WHAT THE TASK REQUIRES => Below are entries. Pull out all lines containing "close".

[Opening DATA FOR THE TASK section]

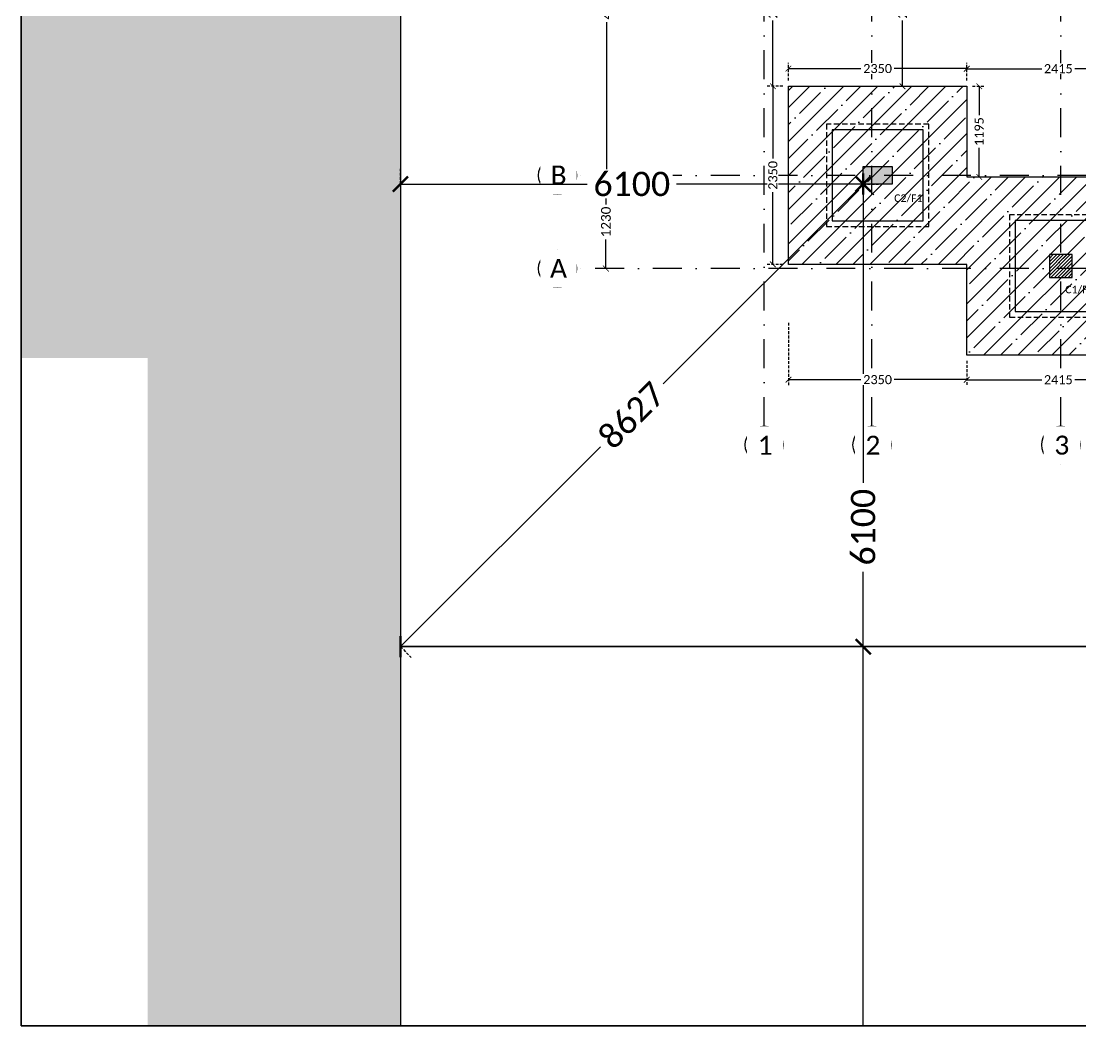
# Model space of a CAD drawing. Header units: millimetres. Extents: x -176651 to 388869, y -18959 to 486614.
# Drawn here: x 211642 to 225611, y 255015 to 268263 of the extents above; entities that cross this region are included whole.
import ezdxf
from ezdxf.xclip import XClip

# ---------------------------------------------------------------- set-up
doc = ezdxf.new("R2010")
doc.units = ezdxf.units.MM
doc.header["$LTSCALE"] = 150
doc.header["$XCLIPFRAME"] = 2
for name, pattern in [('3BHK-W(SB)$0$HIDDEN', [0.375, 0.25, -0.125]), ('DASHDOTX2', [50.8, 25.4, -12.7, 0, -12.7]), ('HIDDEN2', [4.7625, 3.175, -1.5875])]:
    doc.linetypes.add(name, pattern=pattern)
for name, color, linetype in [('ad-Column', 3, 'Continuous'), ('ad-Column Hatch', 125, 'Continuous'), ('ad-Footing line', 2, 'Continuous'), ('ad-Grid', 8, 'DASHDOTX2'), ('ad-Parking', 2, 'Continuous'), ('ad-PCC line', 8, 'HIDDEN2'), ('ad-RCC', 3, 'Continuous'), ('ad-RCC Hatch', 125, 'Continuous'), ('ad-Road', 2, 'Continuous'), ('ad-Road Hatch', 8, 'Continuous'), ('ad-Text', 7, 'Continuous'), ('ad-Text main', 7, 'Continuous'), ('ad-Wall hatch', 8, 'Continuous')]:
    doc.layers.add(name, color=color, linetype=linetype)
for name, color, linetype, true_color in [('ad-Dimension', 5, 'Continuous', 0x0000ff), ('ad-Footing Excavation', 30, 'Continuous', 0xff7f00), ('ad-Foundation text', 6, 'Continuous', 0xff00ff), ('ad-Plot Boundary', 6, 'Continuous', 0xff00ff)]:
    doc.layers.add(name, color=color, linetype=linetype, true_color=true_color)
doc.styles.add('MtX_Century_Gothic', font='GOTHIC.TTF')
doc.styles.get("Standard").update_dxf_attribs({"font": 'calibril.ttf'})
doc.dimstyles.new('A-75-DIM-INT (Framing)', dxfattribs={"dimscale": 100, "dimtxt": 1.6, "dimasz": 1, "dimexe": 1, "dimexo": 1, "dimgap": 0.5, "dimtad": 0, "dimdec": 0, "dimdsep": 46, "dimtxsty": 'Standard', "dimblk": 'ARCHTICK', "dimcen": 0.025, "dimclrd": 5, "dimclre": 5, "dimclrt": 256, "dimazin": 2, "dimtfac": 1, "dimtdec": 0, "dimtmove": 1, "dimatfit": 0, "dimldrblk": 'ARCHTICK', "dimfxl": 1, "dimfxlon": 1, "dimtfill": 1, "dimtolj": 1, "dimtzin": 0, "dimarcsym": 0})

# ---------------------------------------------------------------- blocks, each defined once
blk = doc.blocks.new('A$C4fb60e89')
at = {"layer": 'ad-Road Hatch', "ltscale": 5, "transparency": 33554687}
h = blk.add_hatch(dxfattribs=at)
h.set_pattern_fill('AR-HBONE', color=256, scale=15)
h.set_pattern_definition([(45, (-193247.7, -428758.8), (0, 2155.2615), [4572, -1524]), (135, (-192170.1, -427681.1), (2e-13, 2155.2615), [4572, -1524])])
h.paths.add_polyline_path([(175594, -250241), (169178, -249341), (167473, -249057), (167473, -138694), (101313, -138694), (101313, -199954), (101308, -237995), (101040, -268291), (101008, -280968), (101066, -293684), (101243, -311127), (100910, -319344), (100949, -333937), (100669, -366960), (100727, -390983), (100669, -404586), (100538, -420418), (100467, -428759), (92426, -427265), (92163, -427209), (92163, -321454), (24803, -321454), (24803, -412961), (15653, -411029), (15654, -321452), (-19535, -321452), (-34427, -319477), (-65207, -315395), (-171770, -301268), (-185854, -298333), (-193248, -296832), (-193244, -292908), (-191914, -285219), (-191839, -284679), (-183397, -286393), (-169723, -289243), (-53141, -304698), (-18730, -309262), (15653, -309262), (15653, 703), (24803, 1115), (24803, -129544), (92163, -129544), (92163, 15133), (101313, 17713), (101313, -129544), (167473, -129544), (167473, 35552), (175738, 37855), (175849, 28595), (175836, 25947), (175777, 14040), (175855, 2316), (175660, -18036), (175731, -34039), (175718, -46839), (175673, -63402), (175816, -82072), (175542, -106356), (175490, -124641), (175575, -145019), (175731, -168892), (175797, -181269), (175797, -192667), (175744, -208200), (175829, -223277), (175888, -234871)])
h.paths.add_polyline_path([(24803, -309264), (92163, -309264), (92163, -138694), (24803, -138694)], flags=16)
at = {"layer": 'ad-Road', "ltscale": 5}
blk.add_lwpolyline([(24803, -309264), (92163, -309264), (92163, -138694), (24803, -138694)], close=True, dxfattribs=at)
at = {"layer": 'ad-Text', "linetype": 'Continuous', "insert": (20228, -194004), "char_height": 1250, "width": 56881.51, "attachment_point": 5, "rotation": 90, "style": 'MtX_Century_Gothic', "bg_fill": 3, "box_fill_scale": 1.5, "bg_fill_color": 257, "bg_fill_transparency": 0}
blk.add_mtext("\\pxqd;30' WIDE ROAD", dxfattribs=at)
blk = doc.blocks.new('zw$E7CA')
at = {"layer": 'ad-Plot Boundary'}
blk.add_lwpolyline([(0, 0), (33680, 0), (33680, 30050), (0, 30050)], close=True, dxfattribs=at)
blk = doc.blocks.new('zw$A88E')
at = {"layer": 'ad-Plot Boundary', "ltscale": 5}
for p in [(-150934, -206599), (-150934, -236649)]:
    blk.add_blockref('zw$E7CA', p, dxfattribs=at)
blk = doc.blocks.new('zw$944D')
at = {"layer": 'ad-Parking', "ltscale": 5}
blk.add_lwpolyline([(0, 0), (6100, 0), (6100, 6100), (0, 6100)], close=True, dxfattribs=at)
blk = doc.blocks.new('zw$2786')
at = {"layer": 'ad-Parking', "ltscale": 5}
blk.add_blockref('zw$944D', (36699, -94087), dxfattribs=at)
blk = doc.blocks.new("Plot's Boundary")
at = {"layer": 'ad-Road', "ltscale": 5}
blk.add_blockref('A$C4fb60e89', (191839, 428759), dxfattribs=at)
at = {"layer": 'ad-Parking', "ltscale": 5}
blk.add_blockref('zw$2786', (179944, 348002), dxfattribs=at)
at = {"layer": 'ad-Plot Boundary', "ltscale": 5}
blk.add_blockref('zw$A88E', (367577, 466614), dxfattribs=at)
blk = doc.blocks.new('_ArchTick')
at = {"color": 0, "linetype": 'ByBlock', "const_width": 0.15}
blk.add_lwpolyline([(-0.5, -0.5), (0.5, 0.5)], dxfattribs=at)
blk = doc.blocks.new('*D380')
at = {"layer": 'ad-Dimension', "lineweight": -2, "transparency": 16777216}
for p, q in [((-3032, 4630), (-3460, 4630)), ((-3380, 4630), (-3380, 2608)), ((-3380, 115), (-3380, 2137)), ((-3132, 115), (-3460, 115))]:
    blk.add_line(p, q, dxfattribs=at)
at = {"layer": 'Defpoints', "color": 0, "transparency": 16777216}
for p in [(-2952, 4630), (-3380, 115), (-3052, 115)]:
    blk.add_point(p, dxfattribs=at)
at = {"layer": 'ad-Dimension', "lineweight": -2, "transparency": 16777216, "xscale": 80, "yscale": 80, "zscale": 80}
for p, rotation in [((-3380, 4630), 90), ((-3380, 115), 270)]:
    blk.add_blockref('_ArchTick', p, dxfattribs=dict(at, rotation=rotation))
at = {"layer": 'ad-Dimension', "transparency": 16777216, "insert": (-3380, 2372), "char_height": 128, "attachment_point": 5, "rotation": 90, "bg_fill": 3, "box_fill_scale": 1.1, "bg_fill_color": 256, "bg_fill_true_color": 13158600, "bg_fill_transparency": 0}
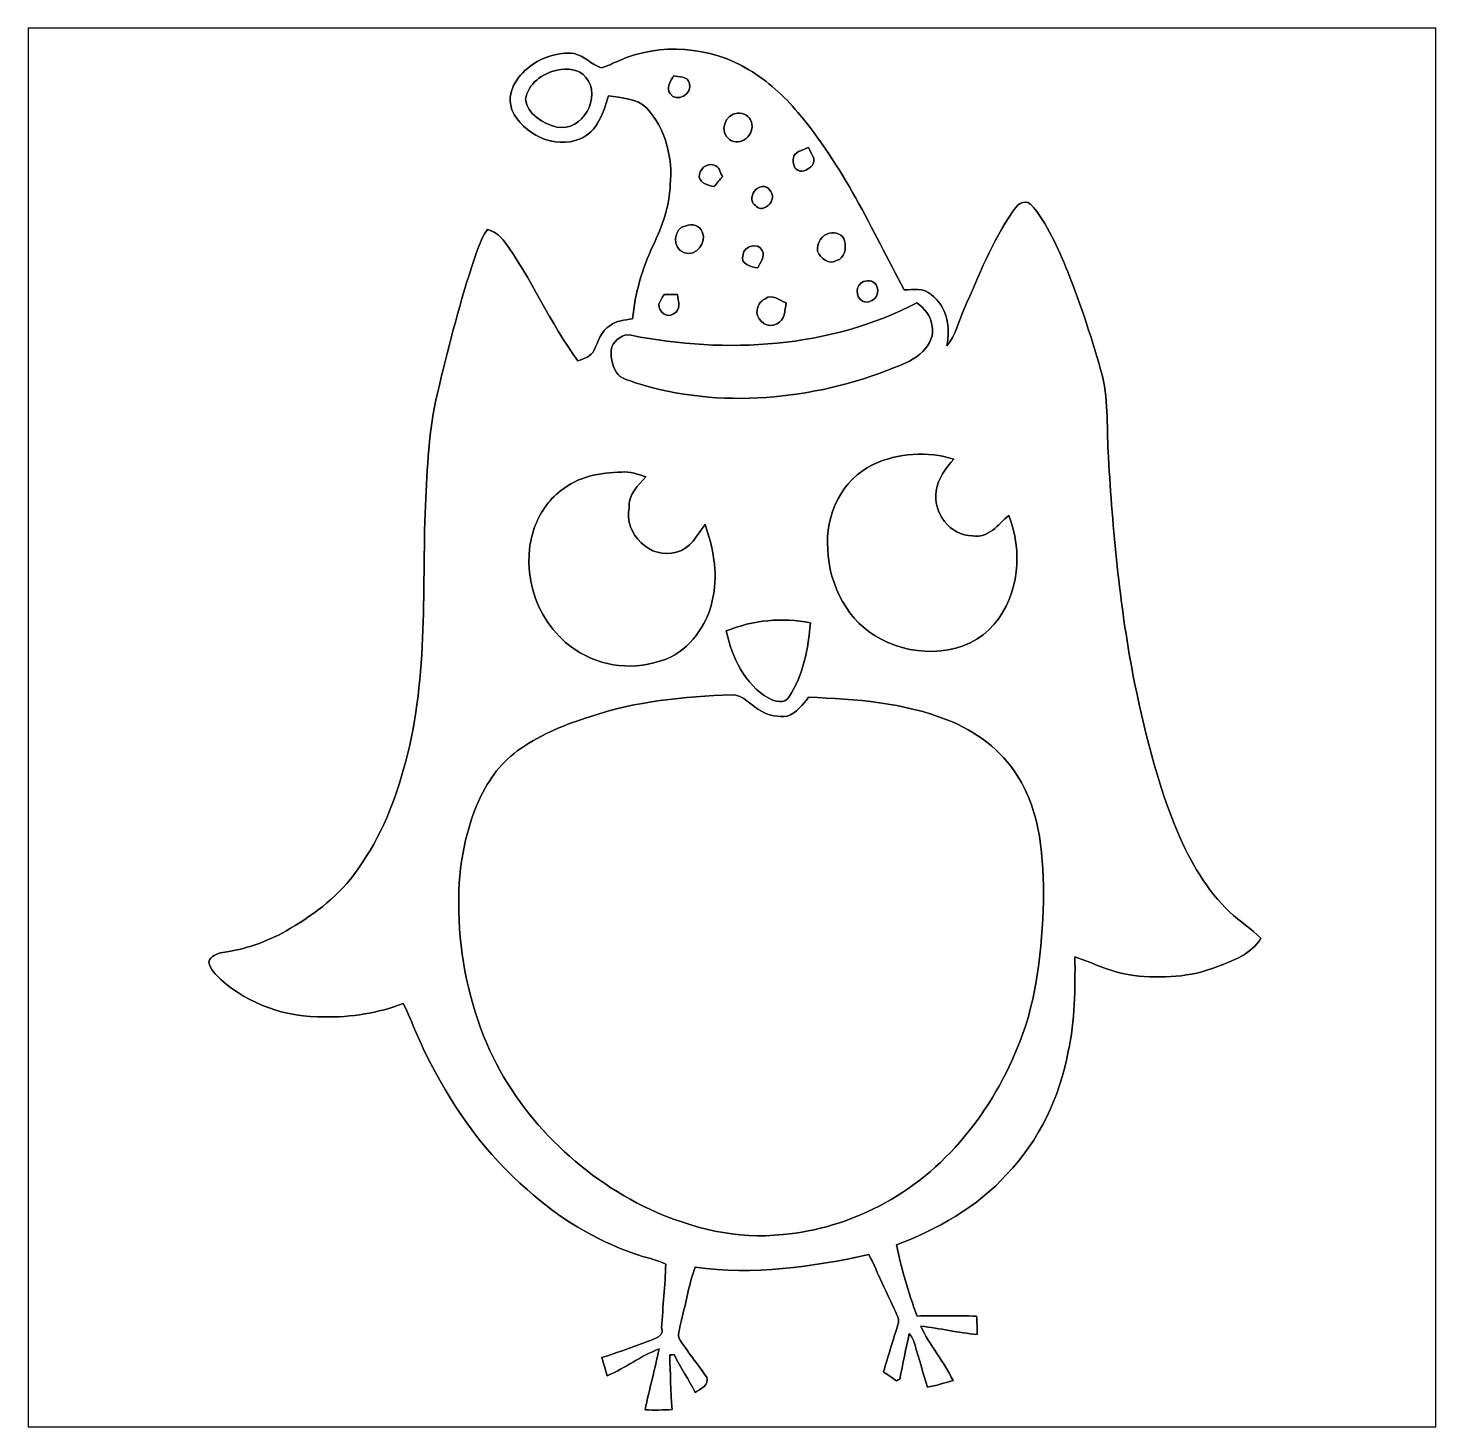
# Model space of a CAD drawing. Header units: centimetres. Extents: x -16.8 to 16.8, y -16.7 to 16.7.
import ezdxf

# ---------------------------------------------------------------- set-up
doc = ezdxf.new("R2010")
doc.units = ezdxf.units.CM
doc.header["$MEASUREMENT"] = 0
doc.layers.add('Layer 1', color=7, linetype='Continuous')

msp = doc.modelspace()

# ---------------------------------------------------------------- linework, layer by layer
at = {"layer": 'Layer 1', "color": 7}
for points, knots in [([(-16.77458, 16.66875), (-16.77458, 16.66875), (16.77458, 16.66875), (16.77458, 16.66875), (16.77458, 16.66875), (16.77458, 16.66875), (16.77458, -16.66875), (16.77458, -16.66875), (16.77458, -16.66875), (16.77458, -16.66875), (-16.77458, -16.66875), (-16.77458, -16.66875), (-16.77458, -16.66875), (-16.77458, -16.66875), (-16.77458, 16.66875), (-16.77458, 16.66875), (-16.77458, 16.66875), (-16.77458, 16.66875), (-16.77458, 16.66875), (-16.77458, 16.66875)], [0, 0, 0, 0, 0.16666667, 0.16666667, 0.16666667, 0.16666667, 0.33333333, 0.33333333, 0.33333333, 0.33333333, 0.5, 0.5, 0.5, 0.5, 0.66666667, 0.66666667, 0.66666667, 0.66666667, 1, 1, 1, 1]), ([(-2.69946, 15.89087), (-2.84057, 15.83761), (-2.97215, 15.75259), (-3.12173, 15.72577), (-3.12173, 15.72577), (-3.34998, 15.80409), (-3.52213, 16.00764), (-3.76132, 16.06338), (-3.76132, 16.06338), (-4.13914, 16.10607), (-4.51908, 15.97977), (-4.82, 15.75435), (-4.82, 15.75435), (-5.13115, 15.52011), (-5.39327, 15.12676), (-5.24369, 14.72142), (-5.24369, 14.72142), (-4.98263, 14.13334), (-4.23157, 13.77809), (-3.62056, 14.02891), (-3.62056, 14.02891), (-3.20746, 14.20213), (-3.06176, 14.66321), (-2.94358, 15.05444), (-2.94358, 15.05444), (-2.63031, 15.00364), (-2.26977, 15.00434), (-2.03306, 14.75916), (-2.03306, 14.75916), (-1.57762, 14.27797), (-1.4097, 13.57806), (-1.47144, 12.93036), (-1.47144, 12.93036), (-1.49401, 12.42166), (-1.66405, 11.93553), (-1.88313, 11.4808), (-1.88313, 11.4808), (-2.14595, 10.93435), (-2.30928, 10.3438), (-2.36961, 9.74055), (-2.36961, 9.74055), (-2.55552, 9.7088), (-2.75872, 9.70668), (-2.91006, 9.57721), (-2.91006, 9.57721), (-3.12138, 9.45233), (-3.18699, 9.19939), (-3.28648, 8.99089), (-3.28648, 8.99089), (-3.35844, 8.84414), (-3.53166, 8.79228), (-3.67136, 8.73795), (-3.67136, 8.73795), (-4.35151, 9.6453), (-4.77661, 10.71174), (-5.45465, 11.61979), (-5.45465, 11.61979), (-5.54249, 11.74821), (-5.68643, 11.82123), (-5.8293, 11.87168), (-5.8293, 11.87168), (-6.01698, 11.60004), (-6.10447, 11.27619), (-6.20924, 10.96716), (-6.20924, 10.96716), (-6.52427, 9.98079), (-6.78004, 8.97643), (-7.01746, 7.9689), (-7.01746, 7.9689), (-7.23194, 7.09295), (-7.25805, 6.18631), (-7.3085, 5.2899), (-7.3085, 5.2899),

[Closing DATA FOR THE TASK section]

OUTPUT FOR THIS TASK =>
blk.add_lwpolyline([(24803, -309264), (92163, -309264), (92163, -138694), (24803, -138694)], close=True, dxfattribs=at)
blk.add_lwpolyline([(0, 0), (33680, 0), (33680, 30050), (0, 30050)], close=True, dxfattribs=at)
blk.add_lwpolyline([(0, 0), (6100, 0), (6100, 6100), (0, 6100)], close=True, dxfattribs=at)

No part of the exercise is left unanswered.